Work instruction
Everything in the listing below has to be repeated exactly, except the pictures.

Supplied records
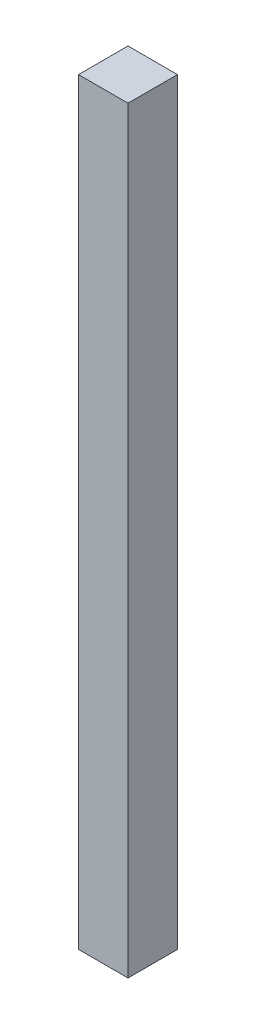
from build123d import *

# Parameters (mm, degrees)
SKETCH4_W           = 20
SKETCH4_H           = 20
BOSS_EXTRUDE2_DEPTH = 306


with BuildPart() as part:
    # Sketch4 → Boss-Extrude2 (new body)
    with BuildSketch(Plane(origin=(0, 0, 0), x_dir=(1, 0, 0), z_dir=(0, 1, 0))):
        with Locations((10, 10)):
            Rectangle(SKETCH4_W, SKETCH4_H)
    extrude(amount=BOSS_EXTRUDE2_DEPTH)


solid = part.part

Written solution
from build123d import *

# Parameters (mm, degrees)
SKETCH4_W           = 20
SKETCH4_H           = 20
BOSS_EXTRUDE2_DEPTH = 306


with BuildPart() as part:
    # Sketch4 → Boss-Extrude2 (new body)
    with BuildSketch(Plane(origin=(0, 0, 0), x_dir=(1, 0, 0), z_dir=(0, 1, 0))):
        with Locations((10, 10)):
            Rectangle(SKETCH4_W, SKETCH4_H)
    extrude(amount=BOSS_EXTRUDE2_DEPTH)


solid = part.part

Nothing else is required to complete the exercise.